Under law if an employee steps aside from the duties of his employment to engage in horseplay or practical joking, or so engages while performing his duties, and an accidental injury results, the resulting injury is not compensable.
Under law if an employee steps aside from the duties of his employment to engage in horseplay or practical joking, or so engages while performing his duties, and an accidental injury results, the resulting injury is not compensable. Bibb Manufacturing Company v. Cowan, 85 App. 816 (1952). This is especially true when the injured employee is the aggressor or instigator of the horseplay, American Fire and Casualty Company v. Gay, 104 App. 840 (1961), but it is also true when the injury is a result of a continued course of conduct even if the injured employee is not the aggressor in the particular incident which caused the injury. Knight v. Liberty Mutual Insurance Company, 141 App. 409 (1977). The courts have not defined exactly what constitutes such “horseplay” as to place an employee outside the scope and course of his or her employment, rather the courts have simply treated it as a question of fact to be decided on a case by case basis.
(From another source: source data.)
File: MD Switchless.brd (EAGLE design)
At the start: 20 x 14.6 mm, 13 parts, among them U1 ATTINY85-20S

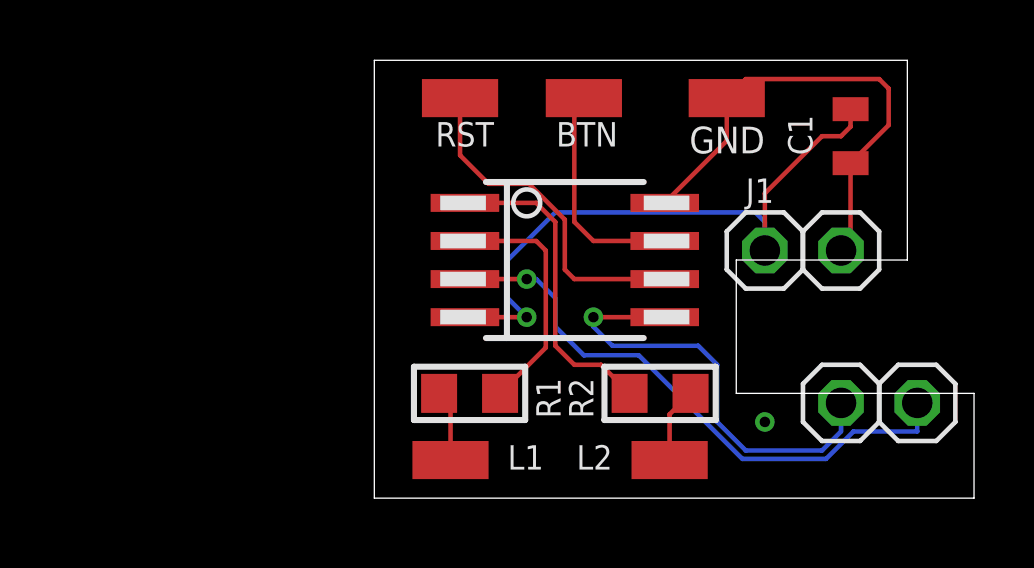
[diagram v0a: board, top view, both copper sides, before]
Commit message: Add files via upload
PCB size and traces width
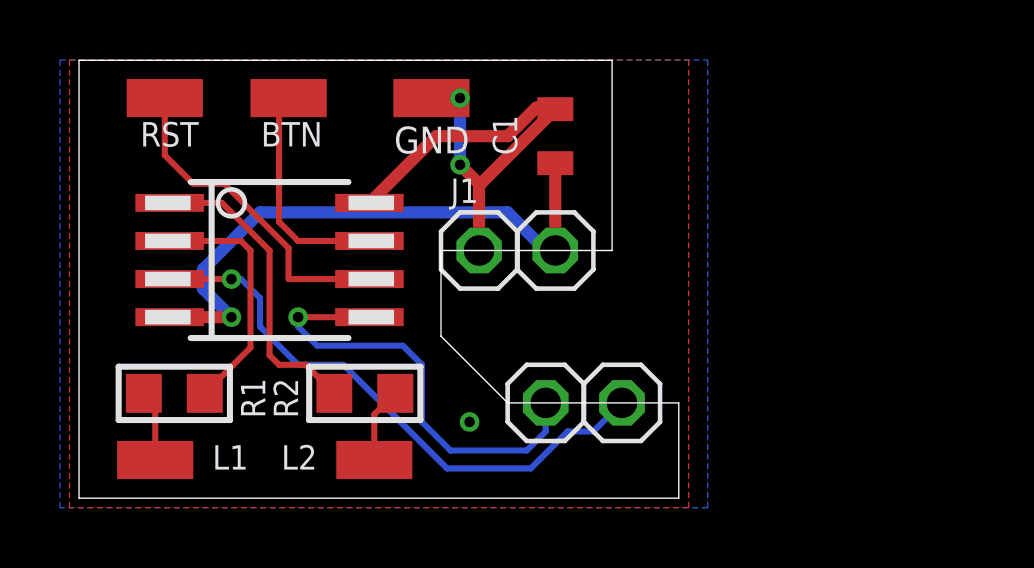
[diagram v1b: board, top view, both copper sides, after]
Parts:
- moved JP2 12.1 mm to (13.3, 8.26)
- moved BTN 9.84 mm to (6.99, 13.3)
- moved C1 9.84 mm to (15.9, 12.1), turned to 90 degrees
- moved JP3 9.84 mm to (18.1, 3.17)
- moved LED1 9.84 mm to (2.54, 1.27)
- moved R1 9.84 mm to (3.17, 3.49)
- moved JP5 9.84 mm to (15.6, 3.17)
- moved LED2 9.84 mm to (9.84, 1.27)
- moved LED3 9.84 mm to (11.7, 13.3)
- moved R2 9.84 mm to (9.53, 3.49)
- moved RST 9.84 mm to (2.86, 13.3)
- moved U1 9.84 mm to (6.35, 7.94)
- moved JP4 6.98 mm to (15.9, 8.26)
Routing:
- net GND: track 16.2 -> 17.4 mm, vias 1 -> 3
- net 5V: track 20.8 -> 20.0 mm
- added copper zone on layer 1, net GND
- added copper zone on layer 16, net GND
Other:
- outline, holes or cut-outs redrawn

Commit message: Add files via upload
minor changes
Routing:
- net 5V: track 20.0 -> 20.8 mm, vias 1 -> 2
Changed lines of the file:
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@@
 <wire x1="9.68" y1="9.8425" x2="11.9025" y2="12.065" width="0.4064" layer="1"/>
 <via x="13.0175" y="2.54" extent="1-16" drill="0.35"/>
-<wire x1="13.335" y1="8.255" x2="13.335" y2="10.425" width="0.4064" layer="1"/>
-<wire x1="13.335" y1="10.425" x2="15.875" y2="12.965" width="0.4064" layer="1"/>
-<wire x1="11.9025" y1="12.065" x2="14.2875" y2="12.065" width="0.4064" layer="1"/>
-<wire x1="14.2875" y1="12.065" x2="15.24" y2="13.0175" width="0.4064" layer="1"/>
-<wire x1="15.24" y1="13.0175" x2="15.8225" y2="13.0175" width="0.4064" layer="1"/>
-<wire x1="15.8225" y1="13.0175" x2="15.875" y2="12.965" width="0.4064" layer="1"/>
-<wire x1="13.335" y1="10.425" x2="13.335" y2="10.4775" width="0.4064" layer="1"/>
-<wire x1="13.335" y1="10.4775" x2="12.7" y2="11.1125" width="0.4064" layer="1"/>
-<via x="12.7" y="11.1125" extent="1-16" drill="0.35"/>
-<wire x1="12.7" y1="11.1125" x2="12.7" y2="13.335" width="0.4064" layer="16"/>
+<wire x1="12.7" y1="13.335" x2="13.335" y2="12.7" width="0.4064" layer="16"/>
 <via x="12.7" y="13.335" extent="1-16" drill="0.35"/>
 <wire x1="12.7" y1="13.335" x2="11.7475" y2="13.335" width="0.4064" layer="1"/>
@@
 <vertex x="-0.635" y="-0.3175"/>
 </polygon>
+<wire x1="15.875" y1="12.965" x2="13.335" y2="10.425" width="0.4064" layer="1"/>
+<wire x1="13.335" y1="10.425" x2="13.335" y2="8.255" width="0.4064" layer="1"/>
+<via x="13.335" y="10.425" extent="1-16" drill="0.35"/>
+<wire x1="13.335" y1="12.7" x2="13.335" y2="10.425" width="0.4064" layer="16"/>
+<wire x1="11.9025" y1="12.065" x2="13.97" y2="12.065" width="0.4064" layer="1"/>
+<wire x1="13.97" y1="12.065" x2="14.9225" y2="13.0175" width="0.4064" layer="1"/>
+<wire x1="14.9225" y1="13.0175" x2="15.8225" y2="13.0175" width="0.4064" layer="1"/>
+<wire x1="15.8225" y1="13.0175" x2="15.875" y2="12.965" width="0.4064" layer="1"/>
+<wire x1="13.0175" y1="2.54" x2="13.335" y2="8.255" width="0" layer="19" extent="1-1"/>
 </signal>
 <signal name="5V" class="2">
@@
 <wire x1="3.02" y1="6.0325" x2="5.08" y2="6.0325" width="0.4064" layer="1"/>
 <via x="5.08" y="6.0325" extent="1-16" drill="0.35"/>
-<wire x1="15.875" y1="8.255" x2="15.5575" y2="8.255" width="0.4064" layer="16"/>
-<wire x1="15.5575" y1="8.255" x2="14.2875" y2="9.525" width="0.4064" layer="16"/>
-<wire x1="14.2875" y1="9.525" x2="6.0325" y2="9.525" width="0.4064" layer="16"/>
+<wire x1="6.0325" y1="9.525" x2="14.2875" y2="9.525" width="0.4064" layer="16"/>
 <wire x1="6.0325" y1="9.525" x2="4.1275" y2="7.62" width="0.4064" layer="16"/>
 <wire x1="4.1275" y1="7.62" x2="4.1275" y2="6.985" width="0.4064" layer="16"/>
 <wire x1="4.1275" y1="6.985" x2="5.08" y2="6.0325" width="0.4064" layer="16"/>
 <wire x1="15.875" y1="8.255" x2="15.875" y2="11.165" width="0.4064" layer="1"/>
+<wire x1="14.2875" y1="9.525" x2="14.605" y2="9.8425" width="0.4064" layer="16"/>
+<via x="14.605" y="9.8425" extent="1-16" drill="0.35"/>
+<wire x1="15.875" y1="11.165" x2="14.9225" y2="11.165" width="0.4064" layer="1"/>
+<wire x1="14.9225" y1="11.165" x2="14.605" y2="10.8475" width="0.4064" layer="1"/>
+<wire x1="14.605" y1="10.8475" x2="14.605" y2="9.8425" width="0.4064" layer="1"/>
 </signal>
 <signal name="LENG">
@@
 <wire x1="2.8575" y1="11.43" x2="3.81" y2="10.4775" width="0.2032" layer="1"/>
 <wire x1="4.8401375" y1="10.4775" x2="6.985" y2="8.3326375" width="0.2032" layer="1"/>
-<wire x1="6.985" y1="8.3326375" x2="6.985" y2="7.3025" width="0.2032" layer="1"/>
-<wire x1="6.985" y1="7.3025" x2="9.68" y2="7.3025" width="0.2032" layer="1"/>
+<wire x1="6.985" y1="8.3326375" x2="6.985" y2="7.62" width="0.2032" layer="1"/>
+<wire x1="6.985" y1="7.62" x2="7.3025" y2="7.3025" width="0.2032" layer="1"/>
+<wire x1="7.3025" y1="7.3025" x2="9.68" y2="7.3025" width="0.2032" layer="1"/>
 <wire x1="3.81" y1="10.4775" x2="4.8401375" y2="10.4775" width="0.2032" layer="1"/>
 </signal>

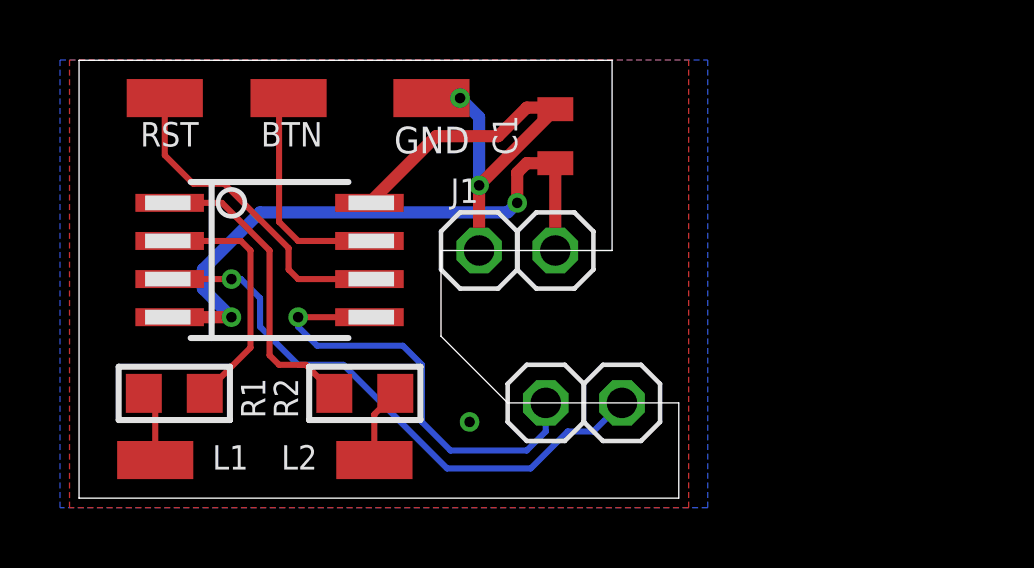
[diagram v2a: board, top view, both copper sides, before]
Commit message: Add files via upload
Wrong position on headers, now it fits perfect
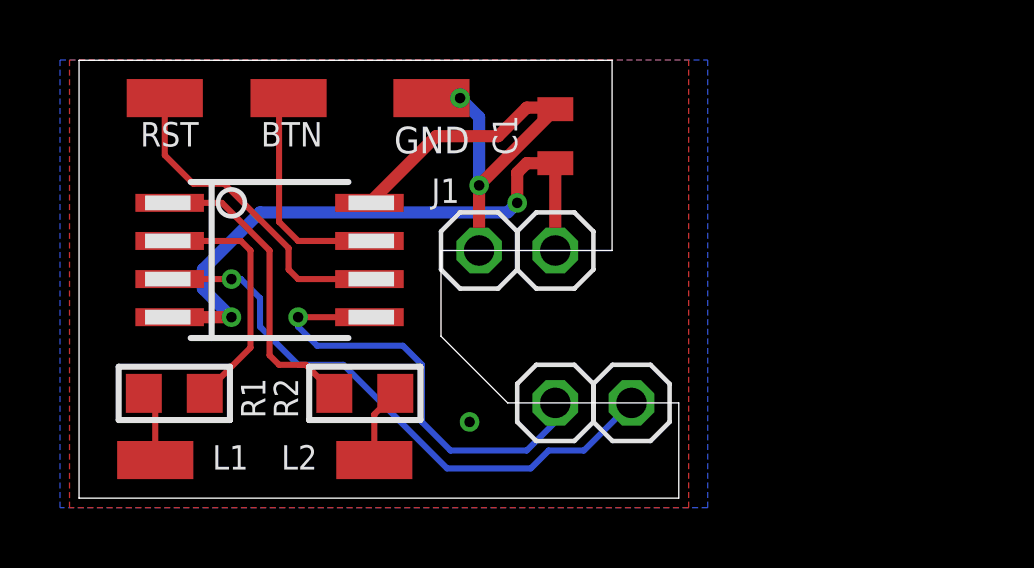
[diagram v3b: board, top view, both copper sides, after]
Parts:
- moved JP5 0.32 mm to (15.9, 3.17)
- moved JP3 0.32 mm to (18.4, 3.17)
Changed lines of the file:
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@@
 <text x="4.445" y="0.9525" size="0.8128" layer="25">L1</text>
 <text x="7.9375" y="0.9525" size="0.8128" layer="25" rot="R180" align="top-left">L2</text>
-<text x="12.3825" y="9.8425" size="0.8128" layer="21">J1</text>
+<text x="11.7475" y="9.8425" size="0.8128" layer="21">J1</text>
 <text x="19.05" y="0.635" size="1.016" layer="22" rot="MR0">designed by @kamencesc</text>
 <text x="0.635" y="0.635" size="1.016" layer="22" rot="MR90">MD Switchless MOD</text>
@@
 <attribute name="VALUE" x="14.605" y="5.08" size="1.27" layer="27"/>
 </element>
-<element name="JP3" library="pinhead" library_urn="urn:adsk.eagle:library:325" package="1X01" package3d_urn="urn:adsk.eagle:package:22485/2" value="" x="18.0975" y="3.175" smashed="yes">
-<attribute name="VALUE" x="16.8275" y="0" size="1.27" layer="27"/>
-</element>
-<element name="JP5" library="pinhead" library_urn="urn:adsk.eagle:library:325" package="1X01" package3d_urn="urn:adsk.eagle:package:22485/2" value="" x="15.5575" y="3.175" smashed="yes">
-<attribute name="VALUE" x="14.2875" y="0" size="1.27" layer="27"/>
+<element name="JP3" library="pinhead" library_urn="urn:adsk.eagle:library:325" package="1X01" package3d_urn="urn:adsk.eagle:package:22485/2" value="" x="18.415" y="3.175" smashed="yes">
+<attribute name="VALUE" x="17.145" y="0" size="1.27" layer="27"/>
+</element>
+<element name="JP5" library="pinhead" library_urn="urn:adsk.eagle:library:325" package="1X01" package3d_urn="urn:adsk.eagle:package:22485/2" value="" x="15.875" y="3.175" smashed="yes">
+<attribute name="VALUE" x="14.605" y="0" size="1.27" layer="27"/>
 </element>
 <element name="U1" library="_hhn_attiny25_45_85" package="SOIC8_EIAJ_208MIL" value="ATTINY85-20S" x="6.35" y="7.9375" smashed="yes" rot="R270"/>
@@
 <wire x1="9.68" y1="6.0325" x2="7.3025" y2="6.0325" width="0.2032" layer="1"/>
 <via x="7.3025" y="6.0325" extent="1-16" drill="0.35"/>
-<wire x1="15.5575" y1="3.175" x2="15.5575" y2="2.2225" width="0.2032" layer="16"/>
-<wire x1="15.5575" y1="2.2225" x2="14.9225" y2="1.5875" width="0.2032" layer="16"/>
+<wire x1="15.875" y1="3.175" x2="15.875" y2="2.54" width="0.2032" layer="16"/>
+<wire x1="15.875" y1="2.54" x2="14.9225" y2="1.5875" width="0.2032" layer="16"/>
 <wire x1="11.43" y1="2.54" x2="11.43" y2="4.445" width="0.2032" layer="16"/>
 <wire x1="11.43" y1="4.445" x2="10.795" y2="5.08" width="0.2032" layer="16"/>
@@
 <wire x1="3.02" y1="7.3025" x2="5.08" y2="7.3025" width="0.2032" layer="1"/>
 <via x="5.08" y="7.3025" extent="1-16" drill="0.35"/>
-<wire x1="18.0975" y1="3.175" x2="17.145" y2="2.2225" width="0.2032" layer="16"/>
-<wire x1="17.145" y1="2.2225" x2="16.2875" y2="2.2225" width="0.2032" layer="16"/>
-<wire x1="16.2875" y1="2.2225" x2="15.0556" y2="0.9906" width="0.2032" layer="16"/>
+<wire x1="18.415" y1="3.175" x2="16.8275" y2="1.5875" width="0.2032" layer="16"/>
+<wire x1="16.8275" y1="1.5875" x2="15.6525" y2="1.5875" width="0.2032" layer="16"/>
+<wire x1="15.6525" y1="1.5875" x2="15.0556" y2="0.9906" width="0.2032" layer="16"/>
 <wire x1="15.0556" y1="0.9906" x2="12.2667625" y2="0.9906" width="0.2032" layer="16"/>
 <wire x1="8.8123625" y1="4.445" x2="7.3025" y2="4.445" width="0.2032" layer="16"/>

However, in Grabowski v. Mangler, et al., No. 65, 2007 (7/1/2007), the Supreme Court of Delaware allowed one employee to sue his fellow employees for injuries sustained as a result of horseplay. In that case, the Delaware Supreme Court adopted the test outlined by Professor Larson to determine whether an employee may bring a cause of action against co-workers whose horseplay causes him to sustain bodily injuries, despite the exclusive remedy provision of the state workers’ compensation statute. The Delaware Supreme Court found that the trial judge must apply Professor Larson’s test which focuses on the following factors:
(1) the nature and degree of the deviation;
(2) whether the defendant was in any way performing his duties or had wholly abandoned them (for example, whether it was mingled with the performance of duty or involved in abandonment of duty);
(3) whether the horseplay in question had become an accepted part of the employment; and
(4) the extent to which the nature of the employment may be expected to include some horseplay.
In the Grawbowski case, the claimant/plaintiff and three co-workers all worked as pipe fitters and welders for JJ White at the Delaware City Oil Refinery jobsite. JJ White had rules forbidding horseplay at their jobsite and all of the employees involved knew of these rules. However, although it was against JJ White’s rules, employees often engaged in horseplay and practical jokes because of long periods of down time and inactivity between projects. Examples of past horseplay incidents included taping lunch boxes shut and filling hard hats with water.
On October 16, 2000, three co-workers detained Grabowski in a bathroom, brought him to the ground, and wrapped him from ankles to shoulders in duct tape. As a result, Grabowski suffered both physical injuries, which required surgery on his lower back and right knee, and post traumatic stress, which required counseling. He subsequently filed a workers’ compensation claim against JJ White and received medical and indemnity benefits under ’s workers’ compensation law.
Additionally, Grabowski filed a third party civil action against all three of his co-workers alleging that they caused his injuries and sought compensatory damages. All three co-workers filed for summary judgment which was granted by the trial judge but subsequently reversed on appeal by the Supreme Court.
The trial court dismissed Grabowski’s third party action, finding that the exclusive remedy provision of the workers’ compensation law barred his suit. On appeal, he argued that the defense was inapplicable because his injuries were sustained outside the scope of his employment. The Delaware Supreme Court agreed and held that if the horseplay is sufficiently extreme to occur outside the scope of the defendant’s employment, the third party action may proceed. The court’s decision expanded the liability of potential defendants as it would permit two causes of actions, one against the employer under the workers’ compensation umbrella and another against the co-workers in a third party action.
The irony in the Grabowski decision lies in the fact that the claimant/plaintiff will have to allege in the workers’ compensation case, that his injuries occurred within the course and scope of his employment. However, in the third party civil action, he will have to change the allegations and argue that his injuries occurred outside the course and scope of his employment. Therefore, since the two actions may be unable to co-exist, it is likely that injured workers in Delaware will not bring third party actions very often rather, seeking to pursue their causes of action under the workers’ compensation setting. Additionally, while the Grabowskidecision gives claimants/plaintiffs two avenues in which to proceed, realistically their best chance of recovery would be against the workers’ compensation insurance carrier rather than a co-worker who would in all likelihood be judgment proof. This may not always be the case because if a potential co-worker/defendant has homeowners insurance, they could ask their insurer to provide a defense.
While the Grabowski decision obviously does not apply in , its result shows the ironic situation that a claimant/plaintiff would be put if he were to try and proceed against both his employer and a co-worker in a case involving horseplay.